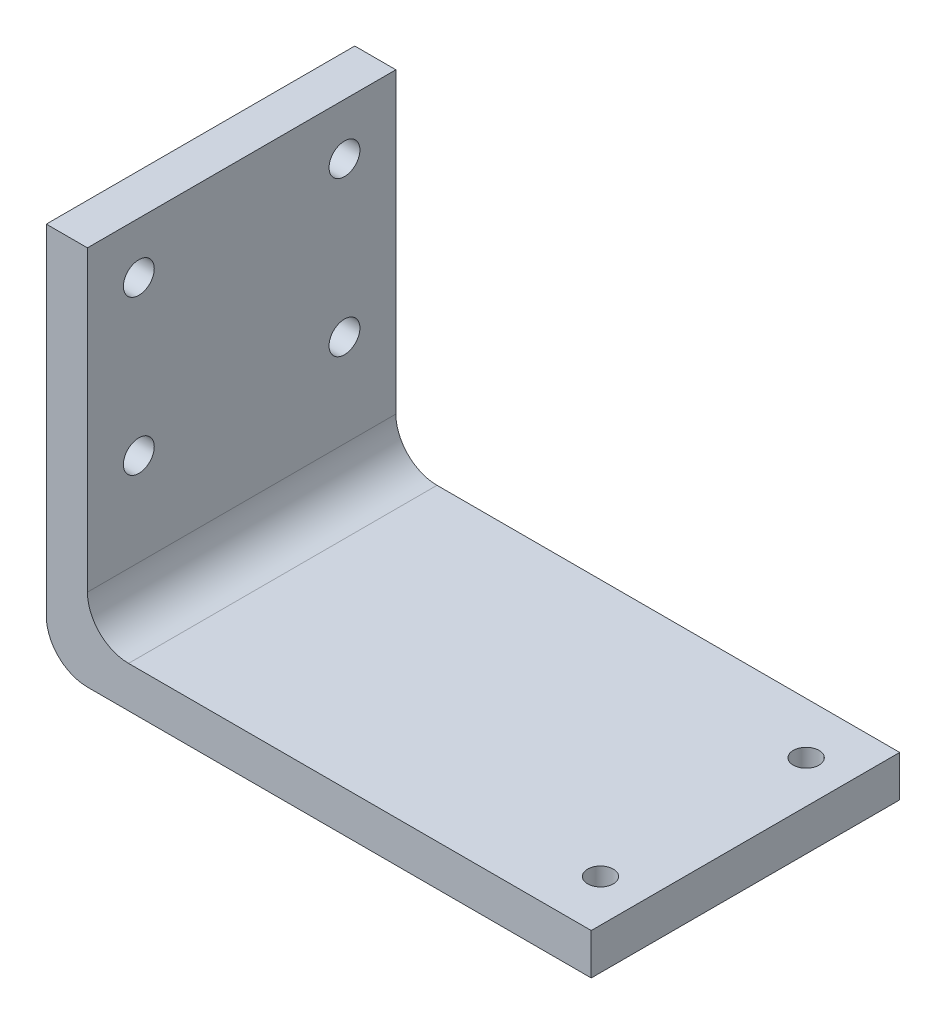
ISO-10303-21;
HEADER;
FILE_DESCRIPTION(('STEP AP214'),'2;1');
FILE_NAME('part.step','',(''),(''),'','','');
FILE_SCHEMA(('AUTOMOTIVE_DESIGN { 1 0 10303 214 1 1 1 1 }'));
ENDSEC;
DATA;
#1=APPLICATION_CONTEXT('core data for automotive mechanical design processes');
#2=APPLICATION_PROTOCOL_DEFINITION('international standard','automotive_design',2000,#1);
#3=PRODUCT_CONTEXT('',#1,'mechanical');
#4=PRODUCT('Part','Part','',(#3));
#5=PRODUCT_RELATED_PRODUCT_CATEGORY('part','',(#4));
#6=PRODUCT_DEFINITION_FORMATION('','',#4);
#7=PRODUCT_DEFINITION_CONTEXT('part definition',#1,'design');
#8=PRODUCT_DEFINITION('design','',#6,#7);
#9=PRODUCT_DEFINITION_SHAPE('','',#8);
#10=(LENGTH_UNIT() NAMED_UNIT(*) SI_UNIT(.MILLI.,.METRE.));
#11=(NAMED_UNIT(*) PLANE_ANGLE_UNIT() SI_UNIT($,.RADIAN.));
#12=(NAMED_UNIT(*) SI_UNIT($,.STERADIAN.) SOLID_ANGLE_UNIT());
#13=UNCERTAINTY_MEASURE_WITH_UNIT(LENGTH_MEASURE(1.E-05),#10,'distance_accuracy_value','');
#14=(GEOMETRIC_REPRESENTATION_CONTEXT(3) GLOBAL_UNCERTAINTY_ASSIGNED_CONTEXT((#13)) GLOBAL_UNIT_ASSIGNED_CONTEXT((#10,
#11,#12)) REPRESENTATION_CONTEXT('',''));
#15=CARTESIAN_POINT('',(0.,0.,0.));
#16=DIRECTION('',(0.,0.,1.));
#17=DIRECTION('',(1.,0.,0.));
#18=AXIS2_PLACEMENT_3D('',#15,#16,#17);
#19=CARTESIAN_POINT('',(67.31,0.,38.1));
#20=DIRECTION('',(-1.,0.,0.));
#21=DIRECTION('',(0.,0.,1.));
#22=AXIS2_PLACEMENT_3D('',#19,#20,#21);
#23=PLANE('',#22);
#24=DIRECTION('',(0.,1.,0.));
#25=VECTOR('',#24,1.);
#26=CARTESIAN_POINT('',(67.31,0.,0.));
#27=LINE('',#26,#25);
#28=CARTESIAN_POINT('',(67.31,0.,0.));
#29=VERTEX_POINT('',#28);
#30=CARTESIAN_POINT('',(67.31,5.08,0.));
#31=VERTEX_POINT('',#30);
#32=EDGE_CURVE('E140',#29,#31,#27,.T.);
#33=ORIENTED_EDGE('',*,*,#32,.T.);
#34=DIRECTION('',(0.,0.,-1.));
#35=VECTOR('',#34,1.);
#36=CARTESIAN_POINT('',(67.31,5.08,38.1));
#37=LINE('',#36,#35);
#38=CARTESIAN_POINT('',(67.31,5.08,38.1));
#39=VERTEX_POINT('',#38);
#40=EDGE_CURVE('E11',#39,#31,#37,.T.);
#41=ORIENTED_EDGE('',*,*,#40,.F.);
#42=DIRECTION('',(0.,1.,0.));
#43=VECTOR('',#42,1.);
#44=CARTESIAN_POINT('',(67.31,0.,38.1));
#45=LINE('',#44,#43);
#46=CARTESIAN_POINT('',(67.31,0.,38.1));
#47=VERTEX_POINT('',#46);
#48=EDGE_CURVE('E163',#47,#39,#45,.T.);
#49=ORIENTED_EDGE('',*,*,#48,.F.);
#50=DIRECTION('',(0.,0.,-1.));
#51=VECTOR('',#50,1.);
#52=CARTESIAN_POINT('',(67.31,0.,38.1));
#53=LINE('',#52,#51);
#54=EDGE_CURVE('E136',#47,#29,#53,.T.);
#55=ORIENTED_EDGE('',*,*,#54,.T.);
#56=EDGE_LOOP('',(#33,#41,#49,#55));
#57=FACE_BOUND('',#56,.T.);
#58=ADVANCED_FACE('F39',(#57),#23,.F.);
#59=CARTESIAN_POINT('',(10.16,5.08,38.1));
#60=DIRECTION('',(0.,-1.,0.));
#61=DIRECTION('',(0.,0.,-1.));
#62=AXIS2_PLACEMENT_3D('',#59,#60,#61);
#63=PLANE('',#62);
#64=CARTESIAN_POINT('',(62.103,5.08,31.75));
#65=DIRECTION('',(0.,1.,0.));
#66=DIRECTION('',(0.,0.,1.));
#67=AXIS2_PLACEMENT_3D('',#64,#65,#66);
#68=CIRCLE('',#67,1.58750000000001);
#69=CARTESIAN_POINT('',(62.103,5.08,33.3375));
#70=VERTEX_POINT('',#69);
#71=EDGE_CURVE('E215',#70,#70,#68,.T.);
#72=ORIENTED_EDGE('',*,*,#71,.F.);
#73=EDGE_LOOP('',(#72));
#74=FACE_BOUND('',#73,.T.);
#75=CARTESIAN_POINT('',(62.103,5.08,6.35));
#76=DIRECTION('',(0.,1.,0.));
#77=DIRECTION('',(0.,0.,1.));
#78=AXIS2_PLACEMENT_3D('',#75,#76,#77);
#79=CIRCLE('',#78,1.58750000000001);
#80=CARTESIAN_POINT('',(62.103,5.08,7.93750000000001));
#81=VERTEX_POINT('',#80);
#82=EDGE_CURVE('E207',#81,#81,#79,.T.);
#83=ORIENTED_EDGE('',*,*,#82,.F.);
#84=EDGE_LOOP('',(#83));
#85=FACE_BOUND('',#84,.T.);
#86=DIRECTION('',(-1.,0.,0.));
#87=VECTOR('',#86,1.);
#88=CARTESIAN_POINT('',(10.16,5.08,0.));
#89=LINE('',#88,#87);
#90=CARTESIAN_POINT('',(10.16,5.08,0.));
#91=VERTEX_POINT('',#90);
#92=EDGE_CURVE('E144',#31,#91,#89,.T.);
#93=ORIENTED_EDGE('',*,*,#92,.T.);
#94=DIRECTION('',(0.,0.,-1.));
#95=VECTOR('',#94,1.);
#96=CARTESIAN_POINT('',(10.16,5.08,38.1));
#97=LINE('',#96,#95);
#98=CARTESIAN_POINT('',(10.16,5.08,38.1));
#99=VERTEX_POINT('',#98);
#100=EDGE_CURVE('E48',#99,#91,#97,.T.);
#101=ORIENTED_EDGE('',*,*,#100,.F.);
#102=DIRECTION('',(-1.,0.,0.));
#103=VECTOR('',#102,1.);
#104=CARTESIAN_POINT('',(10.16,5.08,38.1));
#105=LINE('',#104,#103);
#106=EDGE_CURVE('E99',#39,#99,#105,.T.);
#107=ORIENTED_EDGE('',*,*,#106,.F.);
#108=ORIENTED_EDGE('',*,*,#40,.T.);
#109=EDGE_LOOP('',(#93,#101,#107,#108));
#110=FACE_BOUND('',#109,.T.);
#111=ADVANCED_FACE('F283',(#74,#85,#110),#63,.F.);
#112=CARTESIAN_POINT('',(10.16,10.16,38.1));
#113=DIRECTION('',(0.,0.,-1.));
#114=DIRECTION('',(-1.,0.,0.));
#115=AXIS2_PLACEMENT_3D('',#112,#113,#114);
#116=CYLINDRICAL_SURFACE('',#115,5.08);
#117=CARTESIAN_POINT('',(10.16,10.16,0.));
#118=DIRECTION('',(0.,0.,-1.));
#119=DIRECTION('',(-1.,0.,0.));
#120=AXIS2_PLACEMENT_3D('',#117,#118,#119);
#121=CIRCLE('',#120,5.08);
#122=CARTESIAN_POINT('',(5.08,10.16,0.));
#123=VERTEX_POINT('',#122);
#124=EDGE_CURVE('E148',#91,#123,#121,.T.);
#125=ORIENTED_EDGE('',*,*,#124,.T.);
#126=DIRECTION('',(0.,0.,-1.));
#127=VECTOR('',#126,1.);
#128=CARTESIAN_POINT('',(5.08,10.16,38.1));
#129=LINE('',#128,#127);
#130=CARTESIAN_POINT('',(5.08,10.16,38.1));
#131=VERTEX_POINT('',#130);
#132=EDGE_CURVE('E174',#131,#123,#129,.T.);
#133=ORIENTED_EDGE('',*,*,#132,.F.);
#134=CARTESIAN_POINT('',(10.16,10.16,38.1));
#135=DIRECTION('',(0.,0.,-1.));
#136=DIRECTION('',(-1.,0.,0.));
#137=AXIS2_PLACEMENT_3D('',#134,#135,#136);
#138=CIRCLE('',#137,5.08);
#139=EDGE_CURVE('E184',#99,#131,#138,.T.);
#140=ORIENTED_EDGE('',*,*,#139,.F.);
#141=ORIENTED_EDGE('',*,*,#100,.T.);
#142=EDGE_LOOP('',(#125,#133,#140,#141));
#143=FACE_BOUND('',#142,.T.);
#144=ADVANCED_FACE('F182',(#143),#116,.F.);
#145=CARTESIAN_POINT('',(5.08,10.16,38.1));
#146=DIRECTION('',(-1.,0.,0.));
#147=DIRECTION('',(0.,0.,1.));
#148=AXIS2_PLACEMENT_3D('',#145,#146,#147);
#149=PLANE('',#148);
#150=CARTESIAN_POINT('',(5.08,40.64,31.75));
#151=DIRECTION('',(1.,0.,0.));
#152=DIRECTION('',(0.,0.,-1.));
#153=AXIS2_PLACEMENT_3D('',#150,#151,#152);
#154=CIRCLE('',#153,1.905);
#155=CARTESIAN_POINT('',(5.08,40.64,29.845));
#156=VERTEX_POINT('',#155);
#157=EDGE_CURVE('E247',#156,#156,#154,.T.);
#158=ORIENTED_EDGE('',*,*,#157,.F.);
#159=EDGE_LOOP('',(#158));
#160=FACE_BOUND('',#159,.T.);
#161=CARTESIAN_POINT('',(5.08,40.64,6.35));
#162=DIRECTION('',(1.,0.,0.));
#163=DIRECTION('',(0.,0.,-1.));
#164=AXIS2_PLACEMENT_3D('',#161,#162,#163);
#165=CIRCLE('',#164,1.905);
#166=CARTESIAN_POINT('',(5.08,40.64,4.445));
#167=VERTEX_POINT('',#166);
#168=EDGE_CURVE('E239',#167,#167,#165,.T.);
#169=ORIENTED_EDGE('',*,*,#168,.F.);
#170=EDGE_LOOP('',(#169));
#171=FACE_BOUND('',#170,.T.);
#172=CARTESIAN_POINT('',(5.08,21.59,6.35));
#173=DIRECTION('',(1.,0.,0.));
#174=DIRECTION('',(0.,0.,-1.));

# # #

• What you are asked to do: In the data above, which lines lie between the line with "#106=EDGE_CURVE('E99',#39,#99,#105,.T.);" and the line with "#112=CARTESIAN_POINT('',(10.16,10.16,38.1));", inclusive? Print those lines exactly and nothing else.

• Response to the task:
#106=EDGE_CURVE('E99',#39,#99,#105,.T.);
#107=ORIENTED_EDGE('',*,*,#106,.F.);
#108=ORIENTED_EDGE('',*,*,#40,.T.);
#109=EDGE_LOOP('',(#93,#101,#107,#108));
#110=FACE_BOUND('',#109,.T.);
#111=ADVANCED_FACE('F283',(#74,#85,#110),#63,.F.);
#112=CARTESIAN_POINT('',(10.16,10.16,38.1));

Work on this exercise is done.